Sunday, June 5, 2011

Over it

WARNING:  This is not going to be a positive, feel-good post!

I just need to vent for a second.  Everything, I mean, EVERYTHING seemed to suck right now.

I am totally over trying to lose weight.  I worked out more than I have in months this past week and the result was a one pound weight gain!  I know that I could be building muscle and all...but I am so over it.  I'm tired of constantly thinking about food and exercise.  I'm tired of reading about everyone else exercising for amazing amounts of time at ridiculous paces.  I'm just tired of trying and not getting the results that I am striving for.  It's exhausting and stressful.  I am eating exactly what I should be eating...I am exercising as much as I possibly can...and I'm just tired.

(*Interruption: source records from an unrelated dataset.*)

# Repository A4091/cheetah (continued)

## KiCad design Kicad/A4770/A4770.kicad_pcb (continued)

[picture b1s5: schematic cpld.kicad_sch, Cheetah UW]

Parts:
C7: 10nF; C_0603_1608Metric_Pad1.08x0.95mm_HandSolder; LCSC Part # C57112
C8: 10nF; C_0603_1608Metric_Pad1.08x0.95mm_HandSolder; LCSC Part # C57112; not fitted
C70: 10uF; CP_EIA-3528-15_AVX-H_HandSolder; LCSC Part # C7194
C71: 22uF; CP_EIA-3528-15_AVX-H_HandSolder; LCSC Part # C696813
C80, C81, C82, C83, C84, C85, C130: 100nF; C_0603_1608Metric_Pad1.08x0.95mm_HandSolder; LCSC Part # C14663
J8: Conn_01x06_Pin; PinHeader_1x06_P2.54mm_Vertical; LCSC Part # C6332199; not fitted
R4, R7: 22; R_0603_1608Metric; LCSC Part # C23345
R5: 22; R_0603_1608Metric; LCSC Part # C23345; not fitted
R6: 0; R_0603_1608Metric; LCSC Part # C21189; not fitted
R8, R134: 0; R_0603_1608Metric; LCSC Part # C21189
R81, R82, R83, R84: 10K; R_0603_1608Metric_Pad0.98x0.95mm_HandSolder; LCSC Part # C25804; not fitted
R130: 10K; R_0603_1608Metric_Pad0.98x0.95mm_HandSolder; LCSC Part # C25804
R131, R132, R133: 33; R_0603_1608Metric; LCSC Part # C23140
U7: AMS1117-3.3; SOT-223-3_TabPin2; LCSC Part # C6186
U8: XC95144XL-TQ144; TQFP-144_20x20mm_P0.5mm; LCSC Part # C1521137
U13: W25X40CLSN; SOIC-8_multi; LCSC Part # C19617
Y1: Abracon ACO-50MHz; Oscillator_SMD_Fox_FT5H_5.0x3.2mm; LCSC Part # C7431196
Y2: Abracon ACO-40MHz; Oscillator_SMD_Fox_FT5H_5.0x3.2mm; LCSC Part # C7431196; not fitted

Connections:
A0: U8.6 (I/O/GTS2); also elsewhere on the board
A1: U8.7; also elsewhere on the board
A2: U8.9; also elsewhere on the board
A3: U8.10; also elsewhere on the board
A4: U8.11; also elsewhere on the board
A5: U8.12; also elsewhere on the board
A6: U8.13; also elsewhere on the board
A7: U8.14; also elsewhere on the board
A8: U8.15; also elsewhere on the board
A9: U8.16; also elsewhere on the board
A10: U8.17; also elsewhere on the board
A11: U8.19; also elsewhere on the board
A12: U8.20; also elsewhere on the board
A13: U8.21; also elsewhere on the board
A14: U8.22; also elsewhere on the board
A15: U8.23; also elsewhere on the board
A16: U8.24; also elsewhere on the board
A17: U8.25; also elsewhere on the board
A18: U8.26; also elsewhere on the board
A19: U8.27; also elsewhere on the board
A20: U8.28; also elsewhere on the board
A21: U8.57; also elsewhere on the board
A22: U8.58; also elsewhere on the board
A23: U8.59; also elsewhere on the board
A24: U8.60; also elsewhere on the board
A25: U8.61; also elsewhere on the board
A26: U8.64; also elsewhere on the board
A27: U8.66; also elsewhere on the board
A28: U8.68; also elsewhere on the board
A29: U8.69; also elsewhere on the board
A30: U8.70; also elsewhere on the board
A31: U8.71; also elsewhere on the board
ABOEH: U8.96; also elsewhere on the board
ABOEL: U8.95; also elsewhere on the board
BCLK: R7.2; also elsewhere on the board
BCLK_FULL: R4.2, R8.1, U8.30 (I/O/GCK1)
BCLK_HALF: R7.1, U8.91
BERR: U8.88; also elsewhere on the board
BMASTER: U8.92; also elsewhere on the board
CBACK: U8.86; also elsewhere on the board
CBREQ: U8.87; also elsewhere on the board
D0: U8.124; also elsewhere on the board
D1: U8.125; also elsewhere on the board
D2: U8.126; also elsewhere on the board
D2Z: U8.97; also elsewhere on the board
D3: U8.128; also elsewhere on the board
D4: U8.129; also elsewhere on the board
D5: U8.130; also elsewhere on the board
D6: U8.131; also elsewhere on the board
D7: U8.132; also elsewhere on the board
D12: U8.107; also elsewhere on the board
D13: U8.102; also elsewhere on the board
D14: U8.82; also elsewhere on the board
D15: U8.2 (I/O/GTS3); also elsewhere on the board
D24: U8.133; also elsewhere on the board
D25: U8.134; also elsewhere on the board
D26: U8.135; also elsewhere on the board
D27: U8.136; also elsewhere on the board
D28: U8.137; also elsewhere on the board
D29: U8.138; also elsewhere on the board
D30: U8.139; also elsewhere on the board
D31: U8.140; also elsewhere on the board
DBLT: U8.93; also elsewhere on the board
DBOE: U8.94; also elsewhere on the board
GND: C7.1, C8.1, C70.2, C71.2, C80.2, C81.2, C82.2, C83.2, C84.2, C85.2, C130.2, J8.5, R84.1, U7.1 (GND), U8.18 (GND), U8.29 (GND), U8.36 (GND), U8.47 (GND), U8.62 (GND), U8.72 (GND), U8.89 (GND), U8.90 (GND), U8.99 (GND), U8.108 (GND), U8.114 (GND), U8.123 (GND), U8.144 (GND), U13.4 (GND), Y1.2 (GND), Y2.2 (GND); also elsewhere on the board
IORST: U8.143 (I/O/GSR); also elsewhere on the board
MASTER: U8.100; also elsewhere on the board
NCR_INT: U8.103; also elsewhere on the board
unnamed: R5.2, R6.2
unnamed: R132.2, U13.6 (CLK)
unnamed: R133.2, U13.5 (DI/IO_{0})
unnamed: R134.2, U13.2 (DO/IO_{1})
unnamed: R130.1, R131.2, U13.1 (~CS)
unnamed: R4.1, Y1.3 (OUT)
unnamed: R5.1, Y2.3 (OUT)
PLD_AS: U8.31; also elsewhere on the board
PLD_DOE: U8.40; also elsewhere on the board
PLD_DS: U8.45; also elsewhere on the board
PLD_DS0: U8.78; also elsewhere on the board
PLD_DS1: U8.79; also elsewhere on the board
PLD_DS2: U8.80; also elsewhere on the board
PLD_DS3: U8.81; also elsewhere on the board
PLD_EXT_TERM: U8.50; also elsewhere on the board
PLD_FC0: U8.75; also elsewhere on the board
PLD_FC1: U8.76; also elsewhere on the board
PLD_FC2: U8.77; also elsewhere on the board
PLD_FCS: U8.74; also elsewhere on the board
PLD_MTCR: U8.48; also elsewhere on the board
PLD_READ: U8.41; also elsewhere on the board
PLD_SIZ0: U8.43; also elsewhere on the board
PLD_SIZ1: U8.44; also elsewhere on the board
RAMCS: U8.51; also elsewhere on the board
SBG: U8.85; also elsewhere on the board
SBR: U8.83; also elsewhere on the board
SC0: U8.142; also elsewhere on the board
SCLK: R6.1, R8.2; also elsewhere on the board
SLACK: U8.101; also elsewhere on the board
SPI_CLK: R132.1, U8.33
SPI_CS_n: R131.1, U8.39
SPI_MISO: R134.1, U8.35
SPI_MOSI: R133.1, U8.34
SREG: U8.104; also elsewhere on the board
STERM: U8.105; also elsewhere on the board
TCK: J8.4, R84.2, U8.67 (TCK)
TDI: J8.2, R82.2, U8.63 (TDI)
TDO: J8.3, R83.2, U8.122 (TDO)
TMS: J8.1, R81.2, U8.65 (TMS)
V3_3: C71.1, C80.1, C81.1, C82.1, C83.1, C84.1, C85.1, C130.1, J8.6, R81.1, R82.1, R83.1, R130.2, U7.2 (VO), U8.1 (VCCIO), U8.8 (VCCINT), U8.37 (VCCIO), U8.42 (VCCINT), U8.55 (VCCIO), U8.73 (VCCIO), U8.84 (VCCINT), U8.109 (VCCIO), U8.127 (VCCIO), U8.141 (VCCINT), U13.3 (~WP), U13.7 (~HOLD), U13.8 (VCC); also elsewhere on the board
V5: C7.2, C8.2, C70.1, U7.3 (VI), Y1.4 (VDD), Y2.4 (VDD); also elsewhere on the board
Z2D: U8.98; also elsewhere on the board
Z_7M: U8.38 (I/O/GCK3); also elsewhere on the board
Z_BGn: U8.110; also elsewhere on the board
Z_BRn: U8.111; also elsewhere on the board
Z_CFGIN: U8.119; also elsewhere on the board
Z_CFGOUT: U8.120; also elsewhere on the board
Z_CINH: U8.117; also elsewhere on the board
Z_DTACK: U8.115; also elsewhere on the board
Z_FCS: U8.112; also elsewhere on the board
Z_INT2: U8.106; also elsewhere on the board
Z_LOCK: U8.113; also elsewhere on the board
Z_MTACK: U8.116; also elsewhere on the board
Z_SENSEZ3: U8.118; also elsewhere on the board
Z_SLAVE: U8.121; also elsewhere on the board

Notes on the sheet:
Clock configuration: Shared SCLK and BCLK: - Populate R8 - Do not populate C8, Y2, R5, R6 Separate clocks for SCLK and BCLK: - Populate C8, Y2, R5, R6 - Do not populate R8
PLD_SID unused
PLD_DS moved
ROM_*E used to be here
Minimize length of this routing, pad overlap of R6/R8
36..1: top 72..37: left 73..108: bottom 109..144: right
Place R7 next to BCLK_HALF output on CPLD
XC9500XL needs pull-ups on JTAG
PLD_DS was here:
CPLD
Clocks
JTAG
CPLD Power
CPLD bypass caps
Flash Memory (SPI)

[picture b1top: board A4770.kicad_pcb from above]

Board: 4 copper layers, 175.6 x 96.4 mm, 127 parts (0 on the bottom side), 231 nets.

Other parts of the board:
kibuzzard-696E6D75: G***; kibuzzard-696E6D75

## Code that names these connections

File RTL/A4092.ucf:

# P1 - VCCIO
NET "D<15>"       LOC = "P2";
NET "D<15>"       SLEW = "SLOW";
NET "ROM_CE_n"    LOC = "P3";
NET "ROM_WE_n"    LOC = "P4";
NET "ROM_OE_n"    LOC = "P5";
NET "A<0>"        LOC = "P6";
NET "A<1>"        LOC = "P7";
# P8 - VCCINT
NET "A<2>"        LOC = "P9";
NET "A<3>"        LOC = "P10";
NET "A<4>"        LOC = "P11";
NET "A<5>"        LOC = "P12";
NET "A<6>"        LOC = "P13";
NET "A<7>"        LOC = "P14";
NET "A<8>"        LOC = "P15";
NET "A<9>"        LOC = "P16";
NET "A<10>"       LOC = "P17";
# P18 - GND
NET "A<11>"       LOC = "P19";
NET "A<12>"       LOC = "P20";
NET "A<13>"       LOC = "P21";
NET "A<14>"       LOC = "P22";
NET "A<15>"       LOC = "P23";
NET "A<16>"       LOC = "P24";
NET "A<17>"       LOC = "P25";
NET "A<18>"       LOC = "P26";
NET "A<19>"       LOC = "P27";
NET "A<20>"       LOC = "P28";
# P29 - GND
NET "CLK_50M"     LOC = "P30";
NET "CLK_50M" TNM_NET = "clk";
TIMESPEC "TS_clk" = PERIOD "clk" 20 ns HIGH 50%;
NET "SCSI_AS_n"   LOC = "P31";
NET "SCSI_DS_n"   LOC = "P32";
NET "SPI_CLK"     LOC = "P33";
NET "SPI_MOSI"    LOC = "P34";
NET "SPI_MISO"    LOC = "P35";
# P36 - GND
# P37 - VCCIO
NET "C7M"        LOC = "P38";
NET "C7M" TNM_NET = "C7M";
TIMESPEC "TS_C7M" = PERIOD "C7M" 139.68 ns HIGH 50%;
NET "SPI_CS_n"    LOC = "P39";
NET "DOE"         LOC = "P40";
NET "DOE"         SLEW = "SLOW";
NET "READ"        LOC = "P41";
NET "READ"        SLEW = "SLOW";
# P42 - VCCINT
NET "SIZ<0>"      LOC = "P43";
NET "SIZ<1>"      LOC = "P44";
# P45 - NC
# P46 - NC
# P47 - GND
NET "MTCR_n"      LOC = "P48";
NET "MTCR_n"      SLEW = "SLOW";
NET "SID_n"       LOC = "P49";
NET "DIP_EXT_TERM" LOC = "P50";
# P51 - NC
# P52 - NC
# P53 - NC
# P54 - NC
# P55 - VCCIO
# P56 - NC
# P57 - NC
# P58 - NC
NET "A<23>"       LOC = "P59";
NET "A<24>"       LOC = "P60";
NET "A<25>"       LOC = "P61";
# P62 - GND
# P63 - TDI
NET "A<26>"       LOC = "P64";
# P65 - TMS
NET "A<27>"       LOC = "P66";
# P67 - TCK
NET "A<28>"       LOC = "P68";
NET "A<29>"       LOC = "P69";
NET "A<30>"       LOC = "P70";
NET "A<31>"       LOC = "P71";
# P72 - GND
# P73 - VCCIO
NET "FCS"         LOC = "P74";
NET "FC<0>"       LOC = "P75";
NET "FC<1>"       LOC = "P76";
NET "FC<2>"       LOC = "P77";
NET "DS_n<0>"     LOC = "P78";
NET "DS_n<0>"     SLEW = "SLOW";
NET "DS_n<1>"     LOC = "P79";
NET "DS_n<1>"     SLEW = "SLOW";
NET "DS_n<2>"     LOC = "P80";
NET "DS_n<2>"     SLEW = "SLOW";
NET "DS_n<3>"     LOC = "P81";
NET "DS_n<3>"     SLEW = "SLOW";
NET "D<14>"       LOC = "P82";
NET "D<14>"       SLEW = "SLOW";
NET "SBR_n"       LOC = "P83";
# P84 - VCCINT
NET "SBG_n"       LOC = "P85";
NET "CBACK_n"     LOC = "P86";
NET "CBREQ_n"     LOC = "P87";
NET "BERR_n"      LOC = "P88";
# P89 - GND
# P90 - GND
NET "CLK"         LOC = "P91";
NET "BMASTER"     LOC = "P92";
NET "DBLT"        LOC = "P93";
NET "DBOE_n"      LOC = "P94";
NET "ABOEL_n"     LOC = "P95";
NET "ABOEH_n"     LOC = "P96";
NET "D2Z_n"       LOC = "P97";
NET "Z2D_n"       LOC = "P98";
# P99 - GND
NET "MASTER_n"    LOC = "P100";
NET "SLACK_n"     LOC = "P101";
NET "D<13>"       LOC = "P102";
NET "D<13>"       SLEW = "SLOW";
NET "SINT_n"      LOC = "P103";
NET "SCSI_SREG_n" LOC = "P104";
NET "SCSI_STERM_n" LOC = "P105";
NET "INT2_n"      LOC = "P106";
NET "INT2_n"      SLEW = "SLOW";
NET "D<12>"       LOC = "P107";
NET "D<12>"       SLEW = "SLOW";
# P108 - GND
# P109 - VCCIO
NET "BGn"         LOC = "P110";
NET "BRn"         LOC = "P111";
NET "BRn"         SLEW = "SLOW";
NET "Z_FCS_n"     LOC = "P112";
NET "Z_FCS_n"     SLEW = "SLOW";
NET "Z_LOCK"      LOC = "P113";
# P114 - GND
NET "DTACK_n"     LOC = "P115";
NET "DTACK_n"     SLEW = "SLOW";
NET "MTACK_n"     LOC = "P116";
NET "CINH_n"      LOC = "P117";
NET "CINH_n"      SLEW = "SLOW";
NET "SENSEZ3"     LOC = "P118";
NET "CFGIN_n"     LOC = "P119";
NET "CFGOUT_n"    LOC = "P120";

I want to just give up.  I mean...I don't want to go crazy and eat with reckless abandon or anything (though I did decide to have tortilla chips and salsa as my morning snack)...I just want to stop thinking about it.  I want to not worry about the results and the process...I just want to live and see what happens.  It sounds so simple...but my type A doesn't let me live that care free. 

Now, let's move on to my dissertation.  I am so sick of getting up every morning and reading these stupid books and taking notes and not feeling like I have made any progress.  This "paper" seems so overwhelming and I feel like I am doing it on a topic that was not my interest (but my advisors) without much guidance or help (except for my wonderful Damian).  I want to be outside going to festivals...I want to be working out...I want to be watching mind-numbing TV...and cleaning my house...and painting my family room...and cleaning out my gym...I want to be selling all the junk in my house and de-cluttering my life. 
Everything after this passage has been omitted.